Rethinking European architecture beyond Europe
13.–16. April 2014, Palermo, Italy
Walter Gropius and China
Eduard Kögel, Berlin, Germany.
Walter Gropius is well known as the director of the Bauhaus in Dessau, as an architect in Berlin and, after his emigration in 1938, as a teacher and architect in the USA. One of the heroes of the Modern Movement in the interwar period in Germany, in 1937 he emigrated from Berlin via London to teach at Harvard University in the USA. Walter Gropius never visited China nor did he write any significant texts about Chinese architecture or urban development. However, from the late 1930s he educated Chinese students at Harvard and in the late 1940s won a commission to design a campus-university in Shanghai. The Chinese students he taught at Harvard include Henry Huang, I.M. Pei, Wang Dahong, Chen Chi-Kwan and Chang Chao-Kang. All of them transferred knowledge from this modern master to China and Taiwan. Henry Huang was the first to receive his master’s degree and returned to his hometown Shanghai in 1941, where he founded a department for architectural education at St. John’s University. As the basis for the curriculum he used the blueprint of Gropius’ Harvard institute and some elements of Bauhaus education he had learned there. I.M. Pei remained in the USA after his graduation, becoming a project partner for Gropius’ campus-university project in Shanghai.
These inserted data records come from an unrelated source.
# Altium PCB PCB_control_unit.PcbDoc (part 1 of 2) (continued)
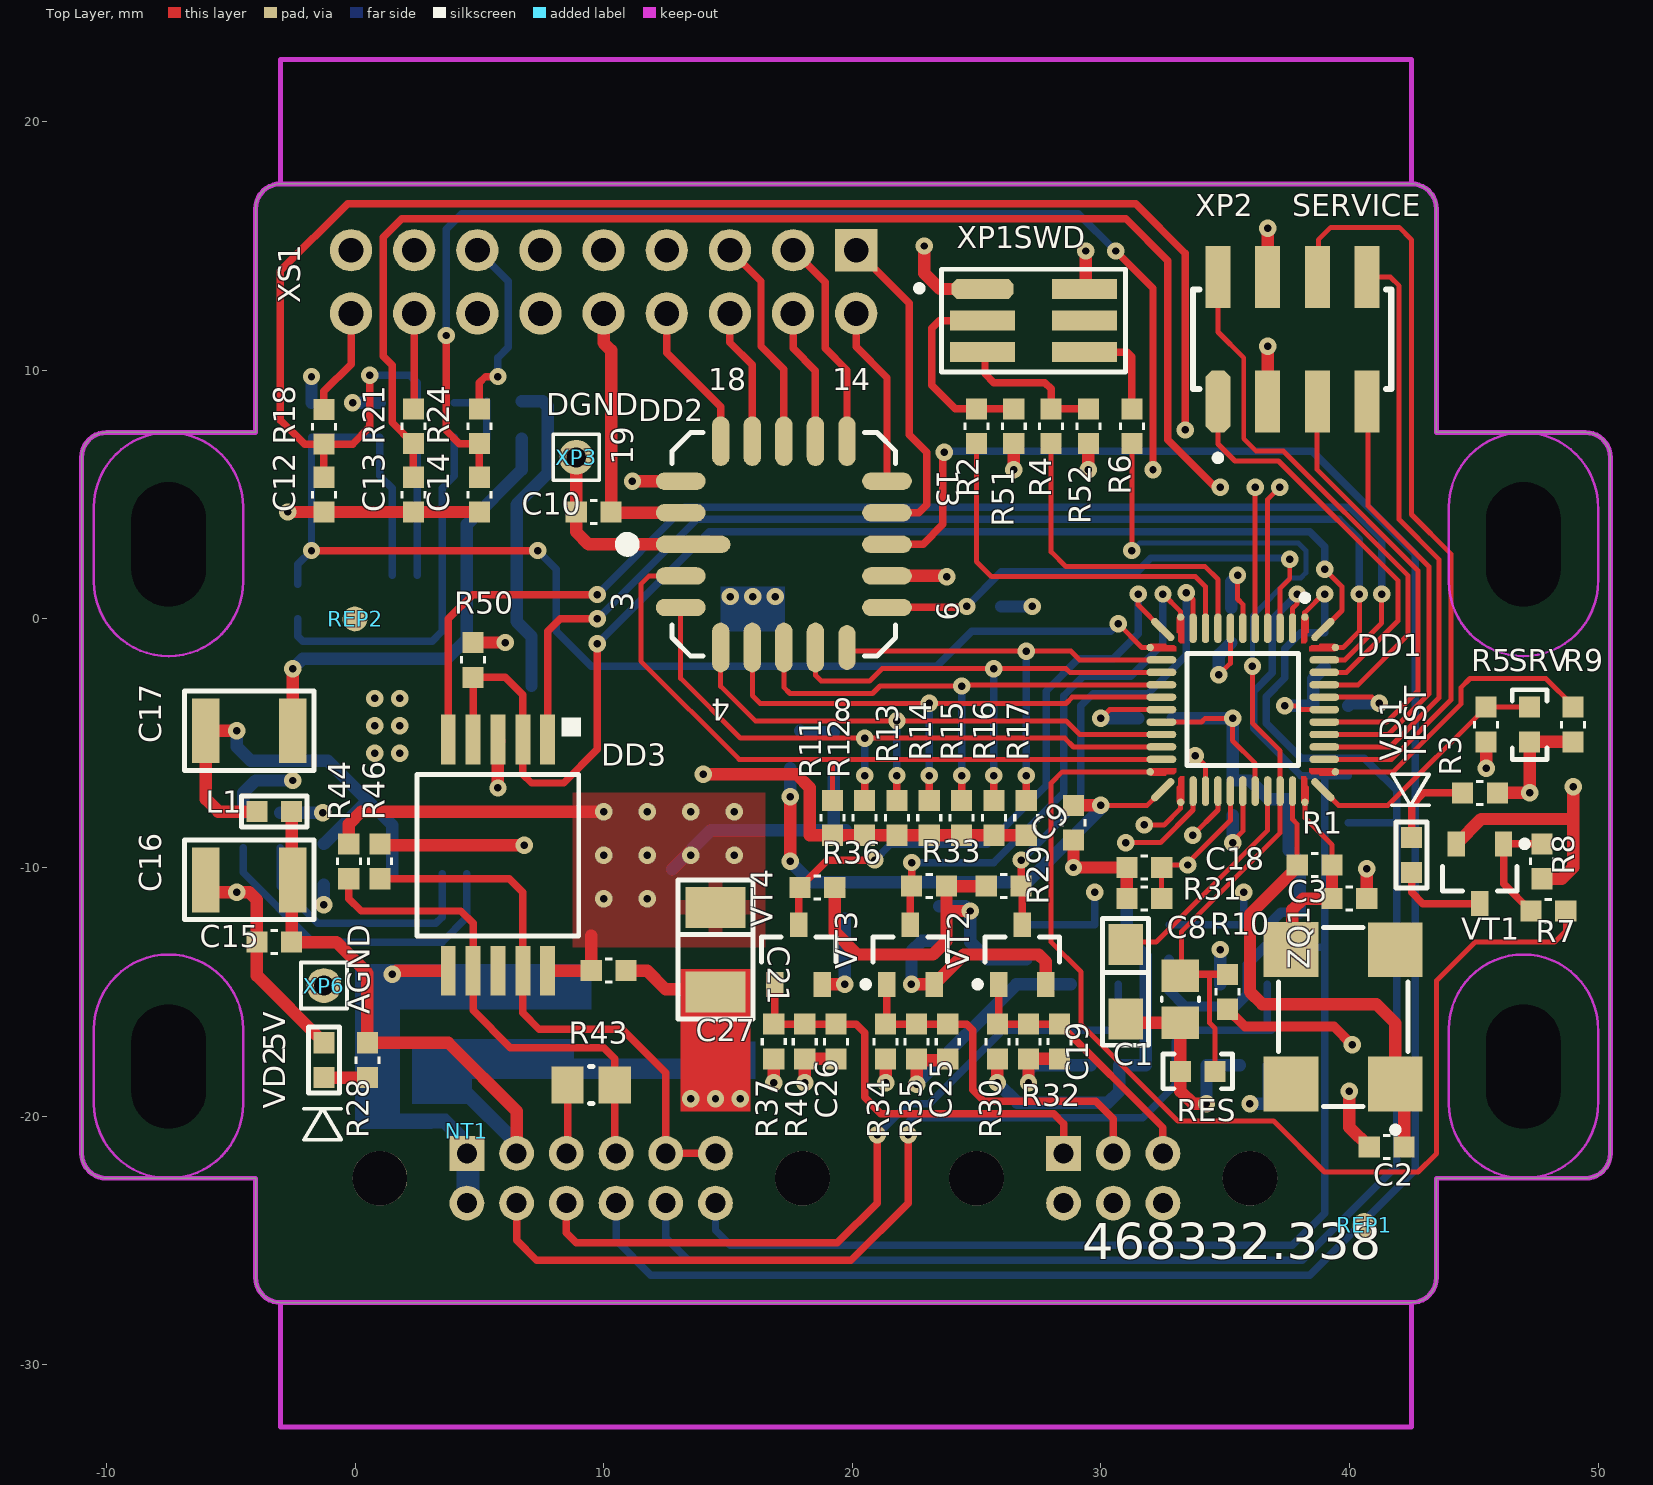
[diagram p0: Top Layer view]
## Design rules (kind name [scope] priority, off if disabled: settings) (continued)
HoleSize "Minimum HoleSize" [IsPad] p1: absolutevalues=TRUE maxlimit=5.9 minlimit=0.6 maxpercent=80.000 minpercent=20.000
HoleSize "Minimum HoleSize VIA 1" [IsVia] p2: absolutevalues=TRUE maxlimit=5.9 minlimit=0.3 maxpercent=80.000 minpercent=20.000 // Standart
HoleToHoleClearance Hole2HoleClearance [All] p1: gap=0.25 allowstackedmicrovias=FALSE
MinimumAnnularRing "Minimum AR PAD Standart" [All] p1: minimumring=0.2
MinimumSolderMaskSliver "SolderMask Bridge Advance" [HasFootprint('48-QLCC (МК 5162.48-1) - SMALL PADS') vs HasFootprint('48-QLCC (МК 5162.48-1) - SMALL PADS')] p1: minsoldermaskwidth=0.1 // Mask LDI for DD1
MinimumSolderMaskSliver "SolderMask Bridge Standart" [All] p2: minsoldermaskwidth=0.15 // Standart
PlaneClearance [All] p1: clearance=0.5
PlaneConnect [All] p1: planeconnectstyle=Relief reliefexpansion=0.5 reliefentries=4 reliefconductorwidth=0.3 reliefairgap=0.2
PolygonConnect PolygonConnect_PowerPAD [All vs InPadClass('PowerPAD')] p1: connectstyle=Direct reliefconductorwidth=1 reliefentries=4 polygonreliefangle="90 Angle" airgapwidth=0.3
PolygonConnect PolygonConnect_NetTie [IsNetTieComponent] p2: connectstyle=Direct reliefconductorwidth=0.4 reliefentries=4 polygonreliefangle="90 Angle" airgapwidth=0.2
PolygonConnect PolygonConnect_3.3V(D) [InNamedPolygon('+3.3V(D)_L01_P001') vs InNet('+3.3V(D)')] p3: connectstyle=Direct reliefconductorwidth=0.4 reliefentries=4 polygonreliefangle="90 Angle" airgapwidth=0.2
PolygonConnect PolygonConnect_Via [IsVia] p4: connectstyle=Direct reliefconductorwidth=0.254 reliefentries=4 polygonreliefangle="90 Angle" airgapwidth=0.254
PolygonConnect [All] p5: connectstyle=Relief reliefconductorwidth=0.6 reliefentries=4 polygonreliefangle="90 Angle" airgapwidth=0.3
RoutingCorners [All] p1 off: cornerstyle=45-Degree minsetback=2.54 maxsetback=2.54
RoutingVias [All] p1: holewidth=0.3 width=0.7 viastyle="Through Hole" minholewidth=0.3 minwidth=0.6 maxholewidth=5.9 maxwidth=6.4
SilkToSilkClearance Silk2SilkClearance [All] p1 off: silktosilkclearance=0.15
SilkToSolderMaskClearance Silk2SolderMaskClearance [IsPad] p1 off: minsilkscreentomaskgap=0.15 clearancetoexposedcopper=TRUE
SolderMaskExpansion SolderMaskExpansion_DD1 [InComponent('DD1')] p1: expansion=0.05 // Advance for DD1
SolderMaskExpansion SolderMaskExpansion_ALL [All] p2: expansion=0.1 // Standart
Width Silk [(OnLayer('Top Overlay') OR OnLayer('Bottom Overlay'))] p1: maxlimit=0.2 minlimit=0.15 preferedwidth=0.2
Width "Width 1 Oz" [All] p2: maxlimit=10 minlimit=0.15 preferedwidth=0.2 checkconnectedcopper=TRUE
20 further rules are at their usual default settings.

## Classes and differential pairs
pad class Hole: Free-KREP XP4-0

## Components (designator, comment, footprint, x,y, rotation, side; value= is the part's Value field where it differs from the comment)
C1 "Tantalum capacitor, 4.7мк, 10V, ±10%, 2Ohm, case A (3216), -55...+125°C" "CAP: TANTAL-A" 31,-14.6 r270 top value=4.7мк
C2 "Ceramic capacitor, 10, МП0, ±5%, 50V, 0603, -55...+125°C" "CAP: 0603P" 41.5,-21.25 r180 top value=10
C3 "Ceramic capacitor, 10, МП0, ±5%, 50V, 0603, -55...+125°C" "CAP: 0603P" 40,-11.25 r0 top value=10
C4 "Ceramic capacitor, 0.1мк, H90, +80-20%, 10V, 0603, -55...+125°C" "CAP: 0603P" 32.2,-4 r0 bottom value=0.1мк
C5 "Ceramic capacitor, 0.1мк, H90, +80-20%, 10V, 0603, -55...+125°C" "CAP: 0603P" 35.25,-0.25 r270 bottom value=0.1мк
C6 "Ceramic capacitor, 0.1мк, H90, +80-20%, 10V, 0603, -55...+125°C" "CAP: 0603P" 39.25,-3.5 r180 bottom value=0.1мк
C7 "Ceramic capacitor, 0.1мк, H90, +80-20%, 10V, 0603, -55...+125°C" "CAP: 0603P" 35.3,-7.2 r90 bottom value=0.1мк
C8 "Ceramic capacitor, 0.22мк, H90, +80/-20%, 25V, 0805 (2012M), -55...+125°C" "CAP: 0805P" 33.2,-15.3 r90 top value=0.22мк
C9 "Ceramic capacitor, 0.1мк, H90, +80-20%, 10V, 0603, -55...+125°C" "CAP: 0603P" 28.9,-8.2 r90 top value=0.1мк
C10 "Ceramic capacitor, 0.1мк, H90, +80-20%, 10V, 0603, -55...+125°C" "CAP: 0603P" 9.6,4.3 r0 top value=0.1мк
C11 "Ceramic capacitor, 0.1мк, H90, +80-20%, 10V, 0603, -55...+125°C" "CAP: 0603P" -1.25,-9.75 r90 bottom value=0.1мк
C12 "Ceramic capacitor, 0.01мк, H20, ±20%, 50V, 0603, -55...+125°C" "CAP: 0603P" -1.25,5 r270 top value=0.01мк
C13 "Ceramic capacitor, 0.1мк, H90, +80-20%, 10V, 0603, -55...+125°C" "CAP: 0603P" 2.35,5 r90 top value=0.1мк
C14 "Ceramic capacitor, 0.1мк, H90, +80-20%, 10V, 0603, -55...+125°C" "CAP: 0603P" 5,5 r90 top value=0.1мк
C15 "Ceramic capacitor, 0.1мк, H90, +80-20%, 10V, 0603, -55...+125°C" "CAP: 0603P" -3.25,-13 r0 top value=0.1мк
C16 "Ceramic capacitor, 4.7мк, H90, +80 -20%, 25V, 1812 (4532М) (4.5x3.2), -55...+125°C" "CAP: 1210" -4.25,-10.5 r0 top locked value=2.2мк
C17 "Ceramic capacitor, 4.7мк, H90, +80 -20%, 25V, 1812 (4532М) (4.5x3.2), -55...+125°C" "CAP: 1210" -4.25,-4.5 r180 top locked value=2.2мк
C18 "Ceramic capacitor, 0.1мк, H90, +80-20%, 10V, 0603, -55...+125°C" "CAP: 0603P" 31.75,-10 r0 top value=0.1мк
C19 "Ceramic capacitor, 0.01мк, H20, ±20%, 50V, 0603, -55...+125°C" "CAP: 0603P" 28.342,-17 r270 top value=0.01мк
C20 "Ceramic capacitor, 0.47мк, Н20, ±10%, 25V, 1210 (3225M)," "CAP: 1210" 6.3,-16.2 r270 bottom value=0.47мк
C21 "Tantalum capacitor, 15мк, 10V, ±10%, , case B (3528), -55...+125°C" "CAP: TANTAL-B" 14.5,-13.3 r270 top locked value=15мк
C22 "Ceramic capacitor, 0.1мк, H90, +80-20%, 10V, 0603, -55...+125°C" "CAP: 0603P" 23.5,-12.25 r90 bottom value=0.1мк
C23 "Ceramic capacitor, 4.7мк, H90, +80 -20%, 25V, 1812 (4532М) (4.5x3.2), -55...+125°C" "CAP: 1210" 19.75,-10.25 r90 bottom value=2.2мк
C24 "Ceramic capacitor, 4.7мк, H90, +80 -20%, 25V, 1812 (4532М) (4.5x3.2), -55...+125°C" "CAP: 1210" 16,-2.5 r270 bottom value=2.2мк
C25 "Ceramic capacitor, 0.01мк, H20, ±20%, 50V, 0603, -55...+125°C" "CAP: 0603P" 23.842,-17 r270 top value=0.01мк
C26 "Ceramic capacitor, 0.01мк, H20, ±20%, 50V, 0603, -55...+125°C" "CAP: 0603P" 19.342,-17 r270 top value=0.01мк
C27 "Ceramic capacitor, 0.1мк, H90, +80-20%, 10V, 0603, -55...+125°C" "CAP: 0603P" 10.2,-14.15 r0 top value=0.1мк
C28 "Ceramic capacitor, 0.01мк, H20, ±20%, 50V, 0603, -55...+125°C" "CAP: 0603P" 34.25,-17.25 r270 bottom value=0.01мк
C30 "Tantalum capacitor, 4.7мк, 10V, ±10%, 2Ohm, case A (3216), -55...+125°C" "CAP: TANTAL-A" 3.1,-16.3 r90 bottom value=4.7мк
C31 "Ceramic capacitor, 0.01мк, H20, ±20%, 50V, 0603, -55...+125°C" "CAP: 0603P" 28.25,-17.25 r270 bottom value=0.01мк
C32 "Ceramic capacitor, 0.01мк, H20, ±20%, 50V, 0603, -55...+125°C" "CAP: 0603P" -1.75,8 r90 bottom value=0.01мк
DA1 "IC comparator, Open Drain, от ± 1,5В до ± 16,5В, -60...+125°C, Н04.16-1В" 16-Н04.16-1B 3,-4.25 r270 bottom locked
DA2 "Linear voltage regulator, input 4.75...15V, 1.3V, output 3.3V, 0.8A, -40...+85°C, КТ-93-1" KT-93-1 12.75,-12.075 r180 bottom locked
DD1 "Motor control microcontroller, 32-Bit, RISC, 100MHz, 64KB, 16KB, 3,3 В ± 10 %., -60...+85°C, 48-QLCC (МК 5162.48-1)" "48-QLCC (МК 5162.48-1) - SMALL PADS" 35.711,-3.65 r270 top locked
DD2 "8 канальный буфер, 4.5..5.5V, -60...+125°C, 5121.20-A" "20-QLCC (5121.20-A)" 17.25,3 r180 top locked
DD3 "5559ИН28У" Н02.8-1В 5.75,-9.5 r270 top locked
L1 "Fixed inductor, 1мк, ±20%, 0603, 400mA, -55...+125°C" "IND: 0603" -3.25,-7.75 r0 top value=1мк
L2 "Fixed inductor, 1мк, ±20%, 0603, 400mA, -55...+125°C" "IND: 0603" 19.25,-5.25 r270 bottom value=1мк
NT1 "ValueManufacturerPartNumber" NETTIE_0603 4.5,-20.6 r90 top net-tie
R1 "Resistor film, 1М, ±5%, 0603, 0.1W, -55...+125°C" "RES: 0603P" 38.6,-9.9 r180 top value=1М
R2 "Resistor film, 22, ±5%, 0603, 0.1W, -55...+125°C" "RES: 0603P" 25,7.75 r90 top value=22
R3 "Resistor film, 330, ±5%, 0603, 0.1W, -55...+125°C" "RES: 0603P" 45.25,-7 r180 top value=330
R4 "Resistor film, 22, ±5%, 0603, 0.1W, -55...+125°C" "RES: 0603P" 28,7.75 r90 top value=22
R5 "Resistor film, 10k, ±5%, 0603, 0.1W, -55...+125°C" "RES: 0603P" 45.5,-4.25 r270 top value=10k
R6 "Resistor film, 22, ±5%, 0603, 0.1W, -55...+125°C" "RES: 0603P" 31.25,7.75 r90 top value=22
R7 "Resistor film, 10k, ±5%, 0603, 0.1W, -55...+125°C" "RES: 0603P" 48,-11.75 r0 top value=10k
R8 "Resistor film, 10k, ±5%, 0603, 0.1W, -55...+125°C" "RES: 0603P" 47.75,-9.75 r90 top value=10k
R9 "Resistor film, 10k, ±5%, 0603, 0.1W, -55...+125°C" "RES: 0603P" 49,-4.25 r90 top value=10k
R10 "Resistor film, 100k, ±5%, 0603, 0.1W, -55...+125°C" "RES: 0603P" 35.1,-15 r270 top value=100k
R11 "Resistor film, 10k, ±5%, 0603, 0.1W, -55...+125°C" "RES: 0603P" 19.2,-8 r270 top value=10k
R12 "Resistor film, 10k, ±5%, 0603, 0.1W, -55...+125°C" "RES: 0603P" 20.5,-8 r270 top value=10k
R13 "Resistor film, 10k, ±5%, 0603, 0.1W, -55...+125°C" "RES: 0603P" 21.8,-8 r270 top value=10k
R14 "Resistor film, 10k, ±5%, 0603, 0.1W, -55...+125°C" "RES: 0603P" 23.1,-8 r270 top value=10k
R15 "Resistor film, 10k, ±5%, 0603, 0.1W, -55...+125°C" "RES: 0603P" 24.4,-8 r270 top value=10k
R16 "Resistor film, 10k, ±5%, 0603, 0.1W, -55...+125°C" "RES: 0603P" 25.7,-8 r270 top value=10k
R17 "Resistor film, 10k, ±5%, 0603, 0.1W, -55...+125°C" "RES: 0603P" 27,-8 r270 top value=10k
R18 "Resistor film, 100, ±5%, 0603, 0.1W, -55...+125°C" "RES: 0603P" -1.25,7.73 r270 top value=100
R19 "Resistor film, 1k, ±1%, 0603, 0.1W, -55...+125°C" "RES: 0603P" 6,8.75 r180 bottom value=1k
R20 "Resistor film, 10k, ±5%, 0603, 0.1W, -55...+125°C" "RES: 0603P" 1,8 r270 bottom value=10k
R21 "Resistor film, 100, ±5%, 0603, 0.1W, -55...+125°C" "RES: 0603P" 2.35,7.75 r270 top value=100
R22 "Resistor film, 10k, ±5%, 0603, 0.1W, -55...+125°C" "RES: 0603P" 2.5,8 r270 bottom value=10k
R23 "Resistor film, 4.02k, ±1%, 0603, 0.1W, -55...+125°C" "RES: 0603P" 6,7.25 r0 bottom value=4.02k
R24 "Resistor film, 100, ±5%, 0603, 0.1W, -55...+125°C" "RES: 0603P" 5,7.75 r270 top value=100
R25 "Resistor film, 10k, ±5%, 0603, 0.1W, -55...+125°C" "RES: 0603P" -3,-8.5 r90 bottom value=10k
R26 "Resistor film, 10k, ±5%, 0603, 0.1W, -55...+125°C" "RES: 0603P" -4.5,-8.5 r90 bottom value=10k
R27 "Resistor film, 1k, ±1%, 0603, 0.1W, -55...+125°C" "RES: 0603P" 31.75,-10 r0 bottom value=1k
R28 "Resistor film, 680, ±5%, 0603, 0.1W, -55...+125°C" "RES: 0603P" 0.5,-17.75 r270 top value=680
R29 "Resistor film, 10k, ±5%, 0603, 0.1W, -55...+125°C" "RES: 0603P" 26.092,-10.75 r0 top value=10k
R30 "Resistor film, 1k, ±1%, 0603, 0.1W, -55...+125°C" "RES: 0603P" 25.842,-17 r90 top value=1k
R31 "Resistor film, 1k, ±1%, 0603, 0.1W, -55...+125°C" "RES: 0603P" 31.75,-11.25 r180 top value=1k
R32 "Resistor film, 10k, ±5%, 0603, 0.1W, -55...+125°C" "RES: 0603P" 27.092,-17 r90 top value=10k
R33 "Resistor film, 10k, ±5%, 0603, 0.1W, -55...+125°C" "RES: 0603P" 23.092,-10.75 r180 top value=10k
R34 "Resistor film, 1k, ±1%, 0603, 0.1W, -55...+125°C" "RES: 0603P" 21.342,-17 r90 top value=1k
R35 "Resistor film, 10k, ±5%, 0603, 0.1W, -55...+125°C" "RES: 0603P" 22.592,-17 r90 top value=10k
R36 "Resistor film, 10k, ±5%, 0603, 0.1W, -55...+125°C" "RES: 0603P" 18.6,-10.8 r180 top value=10k
R37 "Resistor film, 1k, ±1%, 0603, 0.1W, -55...+125°C" "RES: 0603P" 16.842,-17 r90 top value=1k
R38 "Resistor film, 10k, ±5%, 0603, 0.1W, -55...+125°C" "RES: 0603P" 39,-1.25 r90 bottom value=10k
R39 "Resistor film, 10k, ±5%, 0603, 0.1W, -55...+125°C" "RES: 0603P" 38,-12.5 r270 bottom value=10k
R40 "Resistor film, 10k, ±5%, 0603, 0.1W, -55...+125°C" "RES: 0603P" 18.092,-17 r90 top value=10k
R41 "Resistor film, 10k, ±5%, 0603, 0.1W, -55...+125°C" "RES: 0603P" 32.75,-13 r90 bottom value=10k
R42 "Resistor film, 1k, ±1%, 0603, 0.1W, -55...+125°C" "RES: 0603P" 36.75,-17.25 r90 bottom value=1k
R43 "Resistor film, 120, ±5%, 0805, 0.125W, -55...+125°C" "RES: 0805P" 9.5,-18.75 r0 top value=120
R44 "Resistor film, 1k, ±1%, 0603, 0.1W, -55...+125°C" "RES: 0603P" -0.25,-9.75 r270 top value=1k
R45 "Resistor film, 10k, ±5%, 0603, 0.1W, -55...+125°C" "RES: 0603P" 35.5,-17.25 r90 bottom value=10k
R46 "Resistor film, 1k, ±1%, 0603, 0.1W, -55...+125°C" "RES: 0603P" 1,-9.75 r90 top value=1k
R47 "Resistor film, 10k, ±5%, 0603, 0.1W, -55...+125°C" "RES: 0603P" 27,-13 r90 bottom value=10k
R48 "Resistor film, 1k, ±1%, 0603, 0.1W, -55...+125°C" "RES: 0603P" 30.75,-17.25 r90 bottom value=1k
R49 "Resistor film, 10k, ±5%, 0603, 0.1W, -55...+125°C" "RES: 0603P" 29.5,-17.25 r90 bottom value=10k
R50 "Resistor film, 10k, ±5%, 0603, 0.1W, -55...+125°C" "RES: 0603P" 4.75,-1.65 r90 top value=10k
R51 "Resistor film, 10k, ±5%, 0603, 0.1W, -55...+125°C" "RES: 0603P" 26.5,7.75 r90 top value=10k
R52 "Resistor film, 10k, ±5%, 0603, 0.1W, -55...+125°C" "RES: 0603P" 29.5,7.75 r90 top value=10k
R53 "Resistor film, 100k, ±5%, 0603, 0.1W, -55...+125°C" "RES: 0603P" -2.3,0.7 r90 bottom value=100k
R54 "Resistor film, 10k, ±5%, 0603, 0.1W, -55...+125°C" "RES: 0603P" 4,8 r270 bottom value=10k
R55 "Resistor film, 10k, ±5%, 0603, 0.1W, -55...+125°C" "RES: 0603P" 26,1.2 r270 bottom value=10k
REP1 "" REPER 40.6,-24.4 r0 top locked
REP2 "" REPER 0,0 r0 top locked
REP3 "" REPER 37,12.5 r180 bottom locked
REP4 "" REPER 20.25,-16.75 r180 bottom locked
RES "ValueManufacturerPartNumber" "CON: JUMPER X1" 33.9,-18.2 r0 top
SRV "ValueManufacturerPartNumber" "CON: JUMPER X1" 47.25,-4.25 r90 top
VD1 "LED, 20mA max, 2.1V typ, 1608, -55...+150°C" "LED: 0603G" 42.5,-9.5 r270 top
VD2 "LED, 20mA max, 1.9V@4mA, 1608, -55...+150°C" "LED: 0603G" -1.25,-17.75 r90 top
VD3 "Diode array common anode, 50V, 200mA, 1.1V, , SOT-23," SOT23 38.75,-7.25 r180 bottom
VT1 "NPN transistor, 30V, 100mA, , 300mW, 0.7V, 500, SOT-23 (КТ-46), -55...+125°C" SOT23 45.25,-10.25 r270 top
VT2 "NPN transistor, 30V, 100mA, , 300mW, 0.7V, 500, SOT-23 (КТ-46), -55...+125°C" SOT23 26.842,-13.5 r90 top
VT3 "NPN transistor, 30V, 100mA, , 300mW, 0.7V, 500, SOT-23 (КТ-46), -55...+125°C" SOT23 22.342,-13.5 r90 top
VT4 "NPN transistor, 30V, 100mA, , 300mW, 0.7V, 500, SOT-23 (КТ-46), -55...+125°C" SOT23 17.842,-13.5 r90 top
VT5 "NPN transistor, 30V, 100mA, , 300mW, 0.7V, 500, SOT-23 (КТ-46), -55...+125°C" SOT23 35.75,-13.5 r90 bottom
VT6 "NPN transistor, 30V, 100mA, , 300mW, 0.7V, 500, SOT-23 (КТ-46), -55...+125°C" SOT23 29.75,-13.5 r90 bottom
XP1 "SWD" "CON: PLLD-6-S" 27.292,12 r270 top locked
XP2 "SERVICE" "CON: PLD2-8-S" 37.711,11.25 r180 top locked
XP3 "DGND" "CON: PLS2-1" 8.9,6.5 r0 top locked
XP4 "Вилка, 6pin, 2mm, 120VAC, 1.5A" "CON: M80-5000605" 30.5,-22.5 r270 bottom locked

The project was stopped due to the civil war between Nationalist and Com- munist forces in China around 1949. The abovementioned university project came to Taiwan in the 1950s, by then under the supervision of the former Gropius-students I.M. Pei, Chen Chi-Kwan and Chang Chao-Kang. My paper will focus on Gropius’ influence on the young Chinese architects he educated and will examine how ideas of architectural modernism emigrated to China and Taiwan. The focus on Gropius and his Chinese students will allow to reveal the transfer of ideas from one of the most influential figures in twentieth century architectural education into the Chinese architectural discourse of the post war years.